[Supplied material — start]
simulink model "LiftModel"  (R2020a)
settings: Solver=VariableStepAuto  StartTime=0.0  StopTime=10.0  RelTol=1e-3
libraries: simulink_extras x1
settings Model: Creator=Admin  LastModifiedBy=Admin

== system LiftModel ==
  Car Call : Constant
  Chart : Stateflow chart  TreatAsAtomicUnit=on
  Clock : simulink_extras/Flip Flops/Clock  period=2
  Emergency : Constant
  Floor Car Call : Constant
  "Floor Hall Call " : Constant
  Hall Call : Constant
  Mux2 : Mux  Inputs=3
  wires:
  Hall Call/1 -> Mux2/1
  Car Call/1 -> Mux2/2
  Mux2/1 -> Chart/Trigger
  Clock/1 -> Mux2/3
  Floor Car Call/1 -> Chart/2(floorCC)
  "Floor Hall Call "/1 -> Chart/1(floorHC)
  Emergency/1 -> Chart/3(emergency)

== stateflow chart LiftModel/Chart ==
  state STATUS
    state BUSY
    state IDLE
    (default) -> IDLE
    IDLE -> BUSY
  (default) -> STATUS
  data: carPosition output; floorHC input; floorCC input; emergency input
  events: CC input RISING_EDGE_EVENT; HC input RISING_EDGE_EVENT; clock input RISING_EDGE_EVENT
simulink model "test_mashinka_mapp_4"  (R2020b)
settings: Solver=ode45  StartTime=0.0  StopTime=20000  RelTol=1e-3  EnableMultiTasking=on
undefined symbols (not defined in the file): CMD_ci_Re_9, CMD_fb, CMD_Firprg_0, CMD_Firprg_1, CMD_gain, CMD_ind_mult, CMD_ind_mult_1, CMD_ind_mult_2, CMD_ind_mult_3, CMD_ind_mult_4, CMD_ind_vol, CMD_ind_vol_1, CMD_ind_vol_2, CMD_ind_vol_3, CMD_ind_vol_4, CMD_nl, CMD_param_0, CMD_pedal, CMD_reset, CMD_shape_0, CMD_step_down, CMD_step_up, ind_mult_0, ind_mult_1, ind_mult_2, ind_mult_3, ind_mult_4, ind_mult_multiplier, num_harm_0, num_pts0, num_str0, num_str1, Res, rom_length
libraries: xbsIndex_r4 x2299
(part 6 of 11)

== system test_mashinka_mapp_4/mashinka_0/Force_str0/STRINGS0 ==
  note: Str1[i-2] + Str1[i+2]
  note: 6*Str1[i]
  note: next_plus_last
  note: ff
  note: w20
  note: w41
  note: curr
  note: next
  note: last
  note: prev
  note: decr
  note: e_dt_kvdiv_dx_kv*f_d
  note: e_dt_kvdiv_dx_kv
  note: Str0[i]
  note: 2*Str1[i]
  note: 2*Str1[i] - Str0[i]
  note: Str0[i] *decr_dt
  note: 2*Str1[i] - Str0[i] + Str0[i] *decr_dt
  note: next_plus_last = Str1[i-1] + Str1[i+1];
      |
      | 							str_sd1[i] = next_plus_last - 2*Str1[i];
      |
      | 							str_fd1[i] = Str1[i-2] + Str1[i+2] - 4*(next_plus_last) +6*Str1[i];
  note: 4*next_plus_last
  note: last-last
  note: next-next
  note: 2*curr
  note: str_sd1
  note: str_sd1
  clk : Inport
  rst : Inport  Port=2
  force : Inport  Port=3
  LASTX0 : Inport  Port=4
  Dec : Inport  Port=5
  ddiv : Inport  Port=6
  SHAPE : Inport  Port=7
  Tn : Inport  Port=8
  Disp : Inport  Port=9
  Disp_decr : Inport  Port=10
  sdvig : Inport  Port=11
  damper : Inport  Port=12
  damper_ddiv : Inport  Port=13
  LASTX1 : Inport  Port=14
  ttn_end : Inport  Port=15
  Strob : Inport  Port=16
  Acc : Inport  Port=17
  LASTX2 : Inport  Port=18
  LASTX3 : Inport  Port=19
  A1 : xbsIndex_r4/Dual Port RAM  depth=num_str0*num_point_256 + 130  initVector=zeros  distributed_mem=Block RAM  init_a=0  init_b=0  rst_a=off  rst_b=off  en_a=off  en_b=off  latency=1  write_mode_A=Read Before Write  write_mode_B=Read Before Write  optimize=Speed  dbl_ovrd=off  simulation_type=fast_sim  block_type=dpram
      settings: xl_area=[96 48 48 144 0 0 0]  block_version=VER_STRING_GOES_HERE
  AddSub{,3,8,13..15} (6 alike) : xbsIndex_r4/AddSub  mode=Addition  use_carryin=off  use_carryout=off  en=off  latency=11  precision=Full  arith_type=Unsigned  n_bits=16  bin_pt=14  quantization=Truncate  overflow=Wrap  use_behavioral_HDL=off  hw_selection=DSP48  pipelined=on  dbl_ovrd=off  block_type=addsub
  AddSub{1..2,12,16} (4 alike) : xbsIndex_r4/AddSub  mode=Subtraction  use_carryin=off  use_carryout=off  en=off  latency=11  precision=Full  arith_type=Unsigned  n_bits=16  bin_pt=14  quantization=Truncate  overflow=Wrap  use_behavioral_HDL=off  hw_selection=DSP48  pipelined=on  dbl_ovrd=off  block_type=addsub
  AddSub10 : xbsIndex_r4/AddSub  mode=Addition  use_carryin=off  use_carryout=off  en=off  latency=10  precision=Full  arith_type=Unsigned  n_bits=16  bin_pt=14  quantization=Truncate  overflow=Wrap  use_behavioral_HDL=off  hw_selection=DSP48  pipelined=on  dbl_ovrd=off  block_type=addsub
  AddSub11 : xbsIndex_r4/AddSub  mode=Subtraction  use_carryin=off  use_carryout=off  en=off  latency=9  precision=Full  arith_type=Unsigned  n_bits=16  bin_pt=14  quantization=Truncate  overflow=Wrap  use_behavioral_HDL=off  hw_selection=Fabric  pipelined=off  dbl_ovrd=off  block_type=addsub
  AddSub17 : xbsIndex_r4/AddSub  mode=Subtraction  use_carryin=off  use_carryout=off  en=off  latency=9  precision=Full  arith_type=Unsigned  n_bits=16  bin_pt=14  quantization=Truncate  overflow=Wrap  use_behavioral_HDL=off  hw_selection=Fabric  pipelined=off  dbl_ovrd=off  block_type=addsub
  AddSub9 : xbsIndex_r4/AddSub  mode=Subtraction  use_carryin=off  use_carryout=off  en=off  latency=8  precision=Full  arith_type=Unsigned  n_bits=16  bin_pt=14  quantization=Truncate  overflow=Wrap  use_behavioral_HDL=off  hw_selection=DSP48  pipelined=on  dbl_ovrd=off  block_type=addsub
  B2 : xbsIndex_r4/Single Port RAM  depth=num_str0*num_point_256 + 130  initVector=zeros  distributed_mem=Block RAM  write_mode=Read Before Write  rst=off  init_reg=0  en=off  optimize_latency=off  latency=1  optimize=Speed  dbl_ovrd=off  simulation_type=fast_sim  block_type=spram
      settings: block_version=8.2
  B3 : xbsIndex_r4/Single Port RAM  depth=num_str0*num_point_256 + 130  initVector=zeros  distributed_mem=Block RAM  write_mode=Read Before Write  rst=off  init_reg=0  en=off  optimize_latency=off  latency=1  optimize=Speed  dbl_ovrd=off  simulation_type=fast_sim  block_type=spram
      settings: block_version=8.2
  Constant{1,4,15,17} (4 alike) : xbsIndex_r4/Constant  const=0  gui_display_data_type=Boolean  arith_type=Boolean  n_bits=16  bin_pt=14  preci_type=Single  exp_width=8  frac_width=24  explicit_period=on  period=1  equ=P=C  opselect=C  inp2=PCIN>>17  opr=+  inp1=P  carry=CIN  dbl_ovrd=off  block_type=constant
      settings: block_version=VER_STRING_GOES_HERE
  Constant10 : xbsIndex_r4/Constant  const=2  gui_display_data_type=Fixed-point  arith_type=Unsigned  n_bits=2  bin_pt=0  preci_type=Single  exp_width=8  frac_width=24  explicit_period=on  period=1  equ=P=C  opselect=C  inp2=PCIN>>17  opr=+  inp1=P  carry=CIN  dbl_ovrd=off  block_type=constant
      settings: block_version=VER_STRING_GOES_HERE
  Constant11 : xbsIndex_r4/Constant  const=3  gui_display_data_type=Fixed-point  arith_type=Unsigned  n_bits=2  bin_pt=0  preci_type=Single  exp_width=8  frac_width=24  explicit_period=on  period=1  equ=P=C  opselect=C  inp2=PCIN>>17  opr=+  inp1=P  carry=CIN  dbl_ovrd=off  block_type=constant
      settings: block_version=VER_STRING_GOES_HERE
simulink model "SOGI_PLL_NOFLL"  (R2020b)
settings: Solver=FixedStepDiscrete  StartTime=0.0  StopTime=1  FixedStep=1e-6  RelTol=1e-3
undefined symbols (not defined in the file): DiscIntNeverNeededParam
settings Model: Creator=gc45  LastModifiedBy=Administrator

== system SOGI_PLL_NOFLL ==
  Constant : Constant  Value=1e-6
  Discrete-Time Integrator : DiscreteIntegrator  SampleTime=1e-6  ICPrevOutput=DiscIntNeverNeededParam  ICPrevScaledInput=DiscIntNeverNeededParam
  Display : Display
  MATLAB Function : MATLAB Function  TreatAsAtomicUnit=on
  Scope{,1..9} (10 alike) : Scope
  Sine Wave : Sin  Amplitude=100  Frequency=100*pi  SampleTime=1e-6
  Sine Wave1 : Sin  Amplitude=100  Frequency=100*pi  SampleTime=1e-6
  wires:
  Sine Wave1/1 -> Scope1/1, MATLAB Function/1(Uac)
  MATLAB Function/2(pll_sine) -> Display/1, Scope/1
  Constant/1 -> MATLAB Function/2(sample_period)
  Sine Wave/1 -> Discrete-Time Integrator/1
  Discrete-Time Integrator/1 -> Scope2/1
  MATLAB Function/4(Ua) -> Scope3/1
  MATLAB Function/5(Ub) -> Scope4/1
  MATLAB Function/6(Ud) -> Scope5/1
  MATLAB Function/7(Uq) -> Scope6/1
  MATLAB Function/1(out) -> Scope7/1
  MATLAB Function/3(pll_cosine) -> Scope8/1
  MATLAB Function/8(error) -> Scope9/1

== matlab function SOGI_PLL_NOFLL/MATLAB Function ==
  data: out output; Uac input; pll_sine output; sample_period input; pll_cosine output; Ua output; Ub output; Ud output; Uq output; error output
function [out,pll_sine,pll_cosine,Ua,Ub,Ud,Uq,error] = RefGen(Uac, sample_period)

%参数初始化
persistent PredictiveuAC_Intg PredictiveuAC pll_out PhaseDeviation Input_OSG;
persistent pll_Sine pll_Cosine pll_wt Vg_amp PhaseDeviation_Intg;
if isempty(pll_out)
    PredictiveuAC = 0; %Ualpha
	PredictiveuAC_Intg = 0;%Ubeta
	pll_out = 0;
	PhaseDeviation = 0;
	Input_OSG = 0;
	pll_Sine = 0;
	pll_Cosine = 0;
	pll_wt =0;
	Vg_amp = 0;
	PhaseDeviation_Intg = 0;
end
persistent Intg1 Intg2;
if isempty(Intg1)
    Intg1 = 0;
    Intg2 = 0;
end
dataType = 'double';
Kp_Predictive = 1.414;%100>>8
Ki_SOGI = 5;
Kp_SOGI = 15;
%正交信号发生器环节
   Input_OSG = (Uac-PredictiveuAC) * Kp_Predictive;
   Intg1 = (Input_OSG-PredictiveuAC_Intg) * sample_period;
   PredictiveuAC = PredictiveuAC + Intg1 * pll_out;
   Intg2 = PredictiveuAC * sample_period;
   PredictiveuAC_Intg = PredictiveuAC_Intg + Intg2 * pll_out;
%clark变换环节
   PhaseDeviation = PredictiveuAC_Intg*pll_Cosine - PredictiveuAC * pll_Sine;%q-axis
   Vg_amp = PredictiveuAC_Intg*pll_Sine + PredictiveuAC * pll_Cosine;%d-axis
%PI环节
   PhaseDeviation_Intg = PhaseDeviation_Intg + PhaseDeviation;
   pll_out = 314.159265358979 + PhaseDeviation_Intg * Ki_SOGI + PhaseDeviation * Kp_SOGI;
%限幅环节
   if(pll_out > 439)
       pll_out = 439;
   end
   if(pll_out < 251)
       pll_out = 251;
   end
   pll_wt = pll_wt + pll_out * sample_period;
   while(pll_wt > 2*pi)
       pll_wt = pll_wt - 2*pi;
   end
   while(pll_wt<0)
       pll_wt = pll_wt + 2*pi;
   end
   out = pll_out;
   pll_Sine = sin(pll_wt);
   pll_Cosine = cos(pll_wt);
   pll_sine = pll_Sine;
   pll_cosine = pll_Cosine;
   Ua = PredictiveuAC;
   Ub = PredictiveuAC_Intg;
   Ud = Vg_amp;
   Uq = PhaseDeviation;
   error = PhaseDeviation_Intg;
[Supplied material — finish]
## Your goal
The answer must consist of every line above that holds the string "RelTol", copied exactly.

## Completed exercise
settings: Solver=VariableStepAuto  StartTime=0.0  StopTime=10.0  RelTol=1e-3
settings: Solver=ode45  StartTime=0.0  StopTime=20000  RelTol=1e-3  EnableMultiTasking=on
settings: Solver=FixedStepDiscrete  StartTime=0.0  StopTime=1  FixedStep=1e-6  RelTol=1e-3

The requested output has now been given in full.